* _Exercise_: Exclude all pictures. Then restate, word for word, the entries from the first line through the line that contains "arc A16 (35, 10)".

Source records:
%%

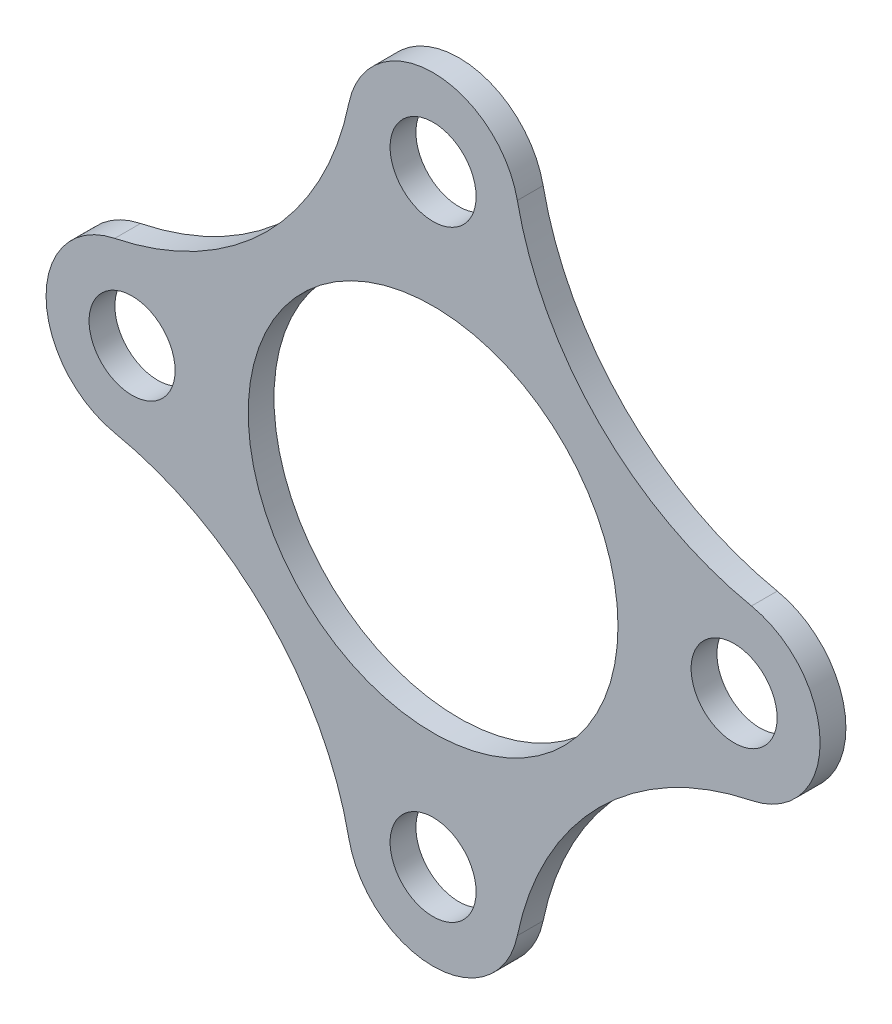
SolidWorks part; units mm, degrees
ref_plane "Płaszczyzna przednia" through (0, 0, 0) normal (0, 0, 1) x (1, 0, 0)
ref_plane "Płaszczyzna górna" through (0, 0, 0) normal (0, 1, 0) x (1, 0, 0)
ref_plane "Płaszczyzna prawa" through (0, 0, 0) normal (1, 0, 0) x (0, 0, -1)
sketch "Szkic1" plane through (0, 0, 0) normal (0, 0, 1) x (1, 0, 0)
  arc A1 (21.5, 0) -> (-21.5, 0) centre (0, 0) ccw
  circle A3 centre (0, 35) radius 5
  arc A4 (10, 35) -> (-10, 35) centre (0, 35) ccw
  circle A7 centre (0, 0) radius 21.5
  arc A8 (35, -10) -> (35, 10) centre (35, 0) ccw
  circle A9 centre (35, 0) radius 5
  arc A10 (-10, -35) -> (10, -35) centre (0, -35) ccw
  circle A11 centre (0, -35) radius 5
  arc A12 (-35, 10) -> (-35, -10) centre (-35, 0) ccw
  circle A13 centre (-35, 0) radius 5
  arc A14 (-10, -35) -> (-35, -10) centre (-35, -35) ccw
  arc A15 (10, -35) -> (35, -10) centre (35, -35) cw
  arc A16 (35, 10) -> (10, 35) centre (35, 35) cw
  arc A17 (-35, 10) -> (-10, 35) centre (-35, 35) ccw
  dimension "D1" = 43
  dimension "D2" = 35
  dimension "D3" = 20
  dimension "D4" = 10
  dimension "D5" = 4
extrude "Dodanie-wyciągnięcie1" add sketch "Szkic1" along normal blind 3
sketch "Szkic2" plane through (0, 0, 0) normal (0, 0, 1) x (1, 0, 0)
  line L4 (37.0167, -9.7945) -> (25.0125, -7.2377)
  line L5 (25.0125, -7.2377) -> (6.5278, -26.0865)
  line L6 (6.5278, -26.0865) -> (9.7945, -37.0167)
  line L7 (-9.7945, -37.0167) -> (-6.1039, -26.0865)
  line L8 (-6.1039, -26.0865) -> (-27.7279, -4.8802)
  line L9 (-27.7279, -4.8802) -> (-37.0167, -9.7945)
  line L10 (-37.0167, 9.7945) -> (-28.7756, 5.7222)
  line L11 (-28.7756, 5.7222) -> (-5.4688, 25.9791)
  line L12 (-5.4688, 25.9791) -> (-9.7945, 37.0167)
  line L13 (9.7945, 37.0167) -> (8.1612, 24.7853)
  line L14 (8.1612, 24.7853) -> (27.5997, 5.7222)
  line L15 (27.5997, 5.7222) -> (37.0167, 9.7945)
  arc A0 (-9.7945, -37.0167) -> (-37.0167, -9.7945) centre (-44.0754, -44.0754) ccw
  arc A1 (-10, -35) -> (10, -35) centre (0, -35) ccw construction
  arc A2 (-35, 10) -> (-35, -10) centre (-35, 0) ccw construction
  arc A3 (9.7945, -37.0167) -> (37.0167, -9.7945) centre (44.0754, -44.0754) cw
  arc A4 (35, -10) -> (35, 10) centre (35, 0) ccw construction
  arc A5 (37.0167, 9.7945) -> (9.7945, 37.0167) centre (44.0754, 44.0754) cw
  arc A6 (10, 35) -> (-10, 35) centre (0, 35) ccw construction
  arc A7 (-9.7945, 37.0167) -> (-37.0167, 9.7945) centre (-44.0754, 44.0754) cw
  dimension "D1" = 35
extrude "Dodanie-wyciągnięcie2" add sketch "Szkic2" along normal up to surface (3 mm away) contours L15 A5 L13 L14 | L12 A7 L10 L11 | A0 L7 L8 L9 | A3 L4 L5 L6 up to face at (0, 0, 3)

%%

* _Task result_:
SolidWorks part; units mm, degrees
ref_plane "Płaszczyzna przednia" through (0, 0, 0) normal (0, 0, 1) x (1, 0, 0)
ref_plane "Płaszczyzna górna" through (0, 0, 0) normal (0, 1, 0) x (1, 0, 0)
ref_plane "Płaszczyzna prawa" through (0, 0, 0) normal (1, 0, 0) x (0, 0, -1)
sketch "Szkic1" plane through (0, 0, 0) normal (0, 0, 1) x (1, 0, 0)
  arc A1 (21.5, 0) -> (-21.5, 0) centre (0, 0) ccw
  circle A3 centre (0, 35) radius 5
  arc A4 (10, 35) -> (-10, 35) centre (0, 35) ccw
  circle A7 centre (0, 0) radius 21.5
  arc A8 (35, -10) -> (35, 10) centre (35, 0) ccw
  circle A9 centre (35, 0) radius 5
  arc A10 (-10, -35) -> (10, -35) centre (0, -35) ccw
  circle A11 centre (0, -35) radius 5
  arc A12 (-35, 10) -> (-35, -10) centre (-35, 0) ccw
  circle A13 centre (-35, 0) radius 5
  arc A14 (-10, -35) -> (-35, -10) centre (-35, -35) ccw
  arc A15 (10, -35) -> (35, -10) centre (35, -35) cw
  arc A16 (35, 10) -> (10, 35) centre (35, 35) cw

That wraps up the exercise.